[Items from a data source]
------------------------------
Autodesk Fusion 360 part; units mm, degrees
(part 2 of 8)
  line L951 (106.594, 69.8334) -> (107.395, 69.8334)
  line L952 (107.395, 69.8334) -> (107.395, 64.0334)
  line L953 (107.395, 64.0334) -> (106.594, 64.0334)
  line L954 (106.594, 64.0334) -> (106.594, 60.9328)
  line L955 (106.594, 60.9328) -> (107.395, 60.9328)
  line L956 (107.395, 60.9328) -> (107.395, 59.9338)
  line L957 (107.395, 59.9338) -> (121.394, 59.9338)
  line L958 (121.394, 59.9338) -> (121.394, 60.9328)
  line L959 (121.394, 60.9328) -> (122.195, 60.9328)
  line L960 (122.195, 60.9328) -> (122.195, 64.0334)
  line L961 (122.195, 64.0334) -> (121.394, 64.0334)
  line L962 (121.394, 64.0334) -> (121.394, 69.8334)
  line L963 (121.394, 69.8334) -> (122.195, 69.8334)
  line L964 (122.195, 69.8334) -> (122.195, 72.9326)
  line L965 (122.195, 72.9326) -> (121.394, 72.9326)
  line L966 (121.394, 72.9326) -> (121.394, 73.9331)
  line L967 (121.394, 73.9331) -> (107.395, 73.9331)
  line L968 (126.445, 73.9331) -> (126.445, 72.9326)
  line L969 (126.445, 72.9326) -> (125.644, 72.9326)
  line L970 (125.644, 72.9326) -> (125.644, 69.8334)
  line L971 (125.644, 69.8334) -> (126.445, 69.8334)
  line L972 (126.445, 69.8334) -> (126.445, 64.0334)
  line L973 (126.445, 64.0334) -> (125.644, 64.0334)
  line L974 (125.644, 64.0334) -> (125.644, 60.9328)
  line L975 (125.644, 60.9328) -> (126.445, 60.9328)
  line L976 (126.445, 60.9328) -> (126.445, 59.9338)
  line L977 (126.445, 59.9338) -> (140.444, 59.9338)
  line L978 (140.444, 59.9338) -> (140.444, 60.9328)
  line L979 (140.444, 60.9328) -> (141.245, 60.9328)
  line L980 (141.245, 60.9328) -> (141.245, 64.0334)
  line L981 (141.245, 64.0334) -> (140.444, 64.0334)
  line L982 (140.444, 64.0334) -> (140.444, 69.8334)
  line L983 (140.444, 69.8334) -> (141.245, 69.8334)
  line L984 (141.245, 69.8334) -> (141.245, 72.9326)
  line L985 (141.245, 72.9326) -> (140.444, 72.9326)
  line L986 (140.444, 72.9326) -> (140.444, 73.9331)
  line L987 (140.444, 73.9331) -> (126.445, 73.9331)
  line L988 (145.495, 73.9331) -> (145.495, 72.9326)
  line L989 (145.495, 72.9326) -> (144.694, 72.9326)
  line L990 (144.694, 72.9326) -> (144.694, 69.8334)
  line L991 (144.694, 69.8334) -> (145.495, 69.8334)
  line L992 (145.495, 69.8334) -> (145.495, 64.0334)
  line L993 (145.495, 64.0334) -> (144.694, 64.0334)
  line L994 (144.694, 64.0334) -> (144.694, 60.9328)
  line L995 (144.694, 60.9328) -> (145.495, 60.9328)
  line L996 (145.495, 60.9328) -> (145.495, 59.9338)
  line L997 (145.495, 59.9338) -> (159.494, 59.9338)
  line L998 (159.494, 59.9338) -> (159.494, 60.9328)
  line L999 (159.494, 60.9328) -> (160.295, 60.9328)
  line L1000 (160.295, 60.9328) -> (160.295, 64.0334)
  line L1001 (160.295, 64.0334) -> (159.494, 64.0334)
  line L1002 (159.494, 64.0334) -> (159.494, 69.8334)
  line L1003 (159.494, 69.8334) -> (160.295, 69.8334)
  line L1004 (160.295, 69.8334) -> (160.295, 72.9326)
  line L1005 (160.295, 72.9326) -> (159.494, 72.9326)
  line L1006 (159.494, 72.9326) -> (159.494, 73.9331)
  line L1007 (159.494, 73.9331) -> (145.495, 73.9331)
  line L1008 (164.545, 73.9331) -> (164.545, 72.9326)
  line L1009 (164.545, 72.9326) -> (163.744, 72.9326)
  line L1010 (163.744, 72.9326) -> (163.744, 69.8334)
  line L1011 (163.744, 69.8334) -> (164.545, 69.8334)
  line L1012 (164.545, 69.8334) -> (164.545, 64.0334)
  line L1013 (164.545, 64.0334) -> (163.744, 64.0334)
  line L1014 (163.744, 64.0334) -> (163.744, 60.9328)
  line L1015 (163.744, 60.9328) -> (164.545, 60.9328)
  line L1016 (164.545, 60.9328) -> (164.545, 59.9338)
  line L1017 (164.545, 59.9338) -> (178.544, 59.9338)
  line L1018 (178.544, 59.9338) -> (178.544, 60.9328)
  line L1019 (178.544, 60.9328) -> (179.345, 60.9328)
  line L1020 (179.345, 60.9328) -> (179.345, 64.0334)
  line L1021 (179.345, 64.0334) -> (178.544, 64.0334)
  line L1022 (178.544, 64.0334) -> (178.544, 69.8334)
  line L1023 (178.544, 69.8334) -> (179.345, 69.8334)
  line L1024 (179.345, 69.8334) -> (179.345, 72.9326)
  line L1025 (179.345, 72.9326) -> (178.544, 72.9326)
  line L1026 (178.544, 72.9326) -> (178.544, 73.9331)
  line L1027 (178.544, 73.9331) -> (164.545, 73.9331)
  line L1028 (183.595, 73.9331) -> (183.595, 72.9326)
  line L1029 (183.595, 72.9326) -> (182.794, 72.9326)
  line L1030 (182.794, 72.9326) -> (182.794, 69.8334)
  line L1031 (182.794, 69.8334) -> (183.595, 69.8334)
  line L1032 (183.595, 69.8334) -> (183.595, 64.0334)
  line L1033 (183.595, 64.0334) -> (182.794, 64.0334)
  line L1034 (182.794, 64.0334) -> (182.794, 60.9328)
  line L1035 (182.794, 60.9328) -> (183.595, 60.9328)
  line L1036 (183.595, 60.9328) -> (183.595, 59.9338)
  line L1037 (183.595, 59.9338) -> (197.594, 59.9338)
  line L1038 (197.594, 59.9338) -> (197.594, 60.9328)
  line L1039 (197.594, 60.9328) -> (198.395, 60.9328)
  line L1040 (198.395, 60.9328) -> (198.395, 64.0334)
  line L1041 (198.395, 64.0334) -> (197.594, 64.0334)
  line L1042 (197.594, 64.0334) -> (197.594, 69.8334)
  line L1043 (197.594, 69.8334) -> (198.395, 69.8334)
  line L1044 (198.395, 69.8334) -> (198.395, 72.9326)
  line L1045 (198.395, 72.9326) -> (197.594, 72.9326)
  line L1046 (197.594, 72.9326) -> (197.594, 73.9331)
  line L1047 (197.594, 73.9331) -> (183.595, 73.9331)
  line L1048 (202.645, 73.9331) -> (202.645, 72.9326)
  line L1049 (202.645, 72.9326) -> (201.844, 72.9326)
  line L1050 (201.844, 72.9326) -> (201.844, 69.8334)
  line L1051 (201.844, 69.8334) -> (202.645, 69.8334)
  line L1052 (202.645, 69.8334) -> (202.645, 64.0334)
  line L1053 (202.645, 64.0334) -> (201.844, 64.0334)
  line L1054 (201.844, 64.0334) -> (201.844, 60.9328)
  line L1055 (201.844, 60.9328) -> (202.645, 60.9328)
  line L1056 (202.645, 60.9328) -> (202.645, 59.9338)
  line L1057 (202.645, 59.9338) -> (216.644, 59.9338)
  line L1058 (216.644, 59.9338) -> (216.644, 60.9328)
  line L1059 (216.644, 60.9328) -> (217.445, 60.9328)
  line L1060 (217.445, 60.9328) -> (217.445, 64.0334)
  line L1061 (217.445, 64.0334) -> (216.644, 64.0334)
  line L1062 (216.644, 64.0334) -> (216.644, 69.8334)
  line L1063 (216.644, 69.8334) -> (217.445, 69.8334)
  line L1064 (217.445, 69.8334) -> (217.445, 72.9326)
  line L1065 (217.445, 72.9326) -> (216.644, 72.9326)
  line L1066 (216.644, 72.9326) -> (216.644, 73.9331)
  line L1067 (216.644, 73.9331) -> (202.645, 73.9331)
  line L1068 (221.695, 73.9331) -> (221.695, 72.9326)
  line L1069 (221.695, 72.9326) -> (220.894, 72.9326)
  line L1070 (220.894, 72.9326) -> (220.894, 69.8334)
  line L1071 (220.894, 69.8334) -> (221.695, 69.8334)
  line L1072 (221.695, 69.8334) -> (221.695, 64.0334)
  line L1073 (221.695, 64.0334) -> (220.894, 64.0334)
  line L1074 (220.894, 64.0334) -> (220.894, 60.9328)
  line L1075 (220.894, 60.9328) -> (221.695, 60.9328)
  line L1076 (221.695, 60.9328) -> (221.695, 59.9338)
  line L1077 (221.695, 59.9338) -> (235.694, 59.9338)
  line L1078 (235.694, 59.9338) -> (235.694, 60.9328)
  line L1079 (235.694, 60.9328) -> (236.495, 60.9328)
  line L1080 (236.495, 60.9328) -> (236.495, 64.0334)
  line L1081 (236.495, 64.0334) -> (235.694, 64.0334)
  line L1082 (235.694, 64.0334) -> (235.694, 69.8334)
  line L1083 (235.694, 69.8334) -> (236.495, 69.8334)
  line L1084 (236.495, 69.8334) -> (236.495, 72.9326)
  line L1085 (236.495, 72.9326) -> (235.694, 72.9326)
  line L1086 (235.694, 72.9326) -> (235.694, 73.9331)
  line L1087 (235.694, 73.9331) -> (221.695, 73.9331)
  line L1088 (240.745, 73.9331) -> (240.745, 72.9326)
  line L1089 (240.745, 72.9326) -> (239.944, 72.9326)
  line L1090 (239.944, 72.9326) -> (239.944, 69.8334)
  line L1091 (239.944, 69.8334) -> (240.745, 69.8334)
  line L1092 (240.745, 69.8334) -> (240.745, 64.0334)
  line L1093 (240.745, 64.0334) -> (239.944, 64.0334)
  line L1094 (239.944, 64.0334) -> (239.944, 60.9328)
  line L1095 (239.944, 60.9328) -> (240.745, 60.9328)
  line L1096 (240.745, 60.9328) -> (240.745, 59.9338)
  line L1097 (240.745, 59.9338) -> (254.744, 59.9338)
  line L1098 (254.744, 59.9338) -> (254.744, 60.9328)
------------------------------
Nothing should be returned except the lines from the first line of the data above through the line with "line L958 (121.394, 59.9338)", each one exact.

Autodesk Fusion 360 part; units mm, degrees
(part 2 of 8)
  line L951 (106.594, 69.8334) -> (107.395, 69.8334)
  line L952 (107.395, 69.8334) -> (107.395, 64.0334)
  line L953 (107.395, 64.0334) -> (106.594, 64.0334)
  line L954 (106.594, 64.0334) -> (106.594, 60.9328)
  line L955 (106.594, 60.9328) -> (107.395, 60.9328)
  line L956 (107.395, 60.9328) -> (107.395, 59.9338)
  line L957 (107.395, 59.9338) -> (121.394, 59.9338)
  line L958 (121.394, 59.9338) -> (121.394, 60.9328)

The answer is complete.